For an Ireland based investor......SPY & QQQ....present real challenges IMO...everything I've highlighted above.....to which you can add currency risk......given the current EUR/USD exchange rate....which again is at something of a historical high (albeit SPY/QQQ has some natural hedging given the international earnings profile).

I say all this for the indices......there are plenty of companies that have plausible and probable avenues to provide an investor with high single digit 10yr returns.....and assembling a basket of these would make more sense than relying on expanding enthusiasm for SPY/QQQ right now
the last time we had such high valuations of US stock markets and technology stocks was in year 2000/2001 when the dot com crash happened the US underperformed Europe and the rest of the world for basically the next decade until the financial crash, also the value of the US dollar fell all the way back to $1.5 to the euro. Nobody can predict the future but if the Ukraine war is resolved in the next year that will be a big positive for Europe.
European markets have not performed like the US for years however they have been performing much better since Covid than they were in the years from the financial crash to year 2021. So I think the fixation on the US markets is a mistake, I think covid was the turning point
 
the last time we had such high valuations of US stock markets and technology stocks was in year 2000/2001 when the dot com crash happened the US underperformed Europe and the rest of the world for basically the next decade until the financial crash, also the value of the US dollar fell all the way back to $1.5 to the euro.
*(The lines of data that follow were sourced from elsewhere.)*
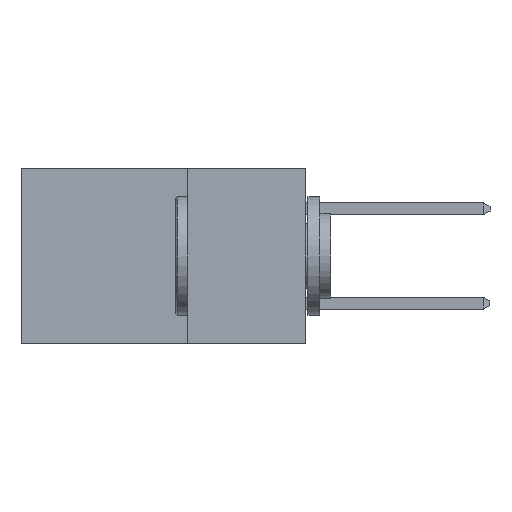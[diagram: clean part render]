
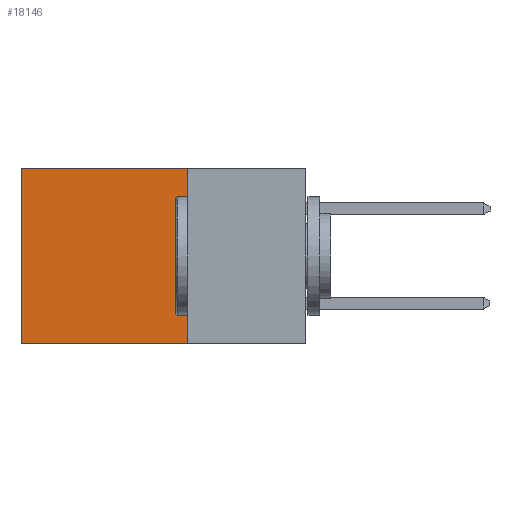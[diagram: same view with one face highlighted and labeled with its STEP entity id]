
A CAD part, left-side view. The second image highlights one B-rep face of the part: STEP entity #18146.
In plain terms, the highlighted planar face has unit normal (-1, 0, 0).
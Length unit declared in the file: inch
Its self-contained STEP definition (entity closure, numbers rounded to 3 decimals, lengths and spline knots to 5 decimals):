
#669 = VERTEX_POINT ( 'NONE', #2692 ) ;
#1073 = CARTESIAN_POINT ( 'NONE',  ( 0.298, 0.25, 0. ) ) ;
#1308 = AXIS2_PLACEMENT_3D ( 'NONE', #7049, #19531, #10222 ) ;
#1310 = EDGE_CURVE ( 'NONE', #13310, #1965, #13242, .T. ) ;
#1965 = VERTEX_POINT ( 'NONE', #7137 ) ;
#2427 = ORIENTED_EDGE ( 'NONE', *, *, #17199, .F. ) ;
#2683 = DIRECTION ( 'NONE',  ( 0., 1., 0. ) ) ;
#2692 = CARTESIAN_POINT ( 'NONE',  ( 0.298, 0.25, 0. ) ) ;
#5491 = PLANE ( 'NONE',  #1308 ) ;
#6154 = CARTESIAN_POINT ( 'NONE',  ( 0.298, 0.6, 0. ) ) ;
#6666 = ORIENTED_EDGE ( 'NONE', *, *, #8949, .T. ) ;
#7049 = CARTESIAN_POINT ( 'NONE',  ( 0.298, 0.25, 0. ) ) ;
#7137 = CARTESIAN_POINT ( 'NONE',  ( 0.298, 0.6, -0.37 ) ) ;
#7690 = VECTOR ( 'NONE', #10478, 39.37008 ) ;
#8225 = CARTESIAN_POINT ( 'NONE',  ( 0.298, 0.25, -0.37 ) ) ;
#8275 = CARTESIAN_POINT ( 'NONE',  ( 0.298, 0.6, 0. ) ) ;
#8330 = VECTOR ( 'NONE', #15309, 39.37008 ) ;
#8933 = CARTESIAN_POINT ( 'NONE',  ( 0.298, 0.25, 0. ) ) ;
#8949 = EDGE_CURVE ( 'NONE', #669, #13310, #16501, .T. ) ;
#9103 = ORIENTED_EDGE ( 'NONE', *, *, #1310, .T. ) ;
#9156 = CARTESIAN_POINT ( 'NONE',  ( 0.298, 0.25, -0.37 ) ) ;
#10222 = DIRECTION ( 'NONE',  ( 0., 0., -1. ) ) ;
#10387 = EDGE_LOOP ( 'NONE', ( #9103, #13146, #2427, #6666 ) ) ;
#10478 = DIRECTION ( 'NONE',  ( 0., 0., -1. ) ) ;
#12469 = LINE ( 'NONE', #9156, #8330 ) ;
#12819 = VECTOR ( 'NONE', #2683, 39.37008 ) ;
#13146 = ORIENTED_EDGE ( 'NONE', *, *, #14631, .F. ) ;
#13242 = LINE ( 'NONE', #8275, #17400 ) ;
#13310 = VERTEX_POINT ( 'NONE', #6154 ) ;
#13378 = DIRECTION ( 'NONE',  ( 0., 0., -1. ) ) ;
#14315 = FACE_OUTER_BOUND ( 'NONE', #10387, .T. ) ;
#14631 = EDGE_CURVE ( 'NONE', #18692, #1965, #12469, .T. ) ;
#15309 = DIRECTION ( 'NONE',  ( 0., 1., 0. ) ) ;
#16501 = LINE ( 'NONE', #1073, #12819 ) ;
#17199 = EDGE_CURVE ( 'NONE', #669, #18692, #19625, .T. ) ;
#17400 = VECTOR ( 'NONE', #13378, 39.37008 ) ;
#18146 = ADVANCED_FACE ( 'NONE', ( #14315 ), #5491, .F. ) ;
#18692 = VERTEX_POINT ( 'NONE', #8225 ) ;
#19531 = DIRECTION ( 'NONE',  ( 1., 0., 0. ) ) ;
#19625 = LINE ( 'NONE', #8933, #7690 ) ;

Nobody can predict the future but if the Ukraine war is resolved in the next year that will be a big positive for Europe.
European markets have not performed like the US for years however they have been performing much better since Covid than they were in the years from the financial crash to year 2021. So I think the fixation on the US markets is a mistake, I think covid was the turning point
I can’t really agree with this statement. My euro investment is lagging behind my US by 40% since the end of Covid19 (not that it has ended just changed).
 
Always be sceptical of saying things are "clearly" in a bubble. Yes I see signs of froth in certain submarkets but I'd be loathe not to have a majority of my listed assets being US equities given their proportion of the global economy and track record of performance.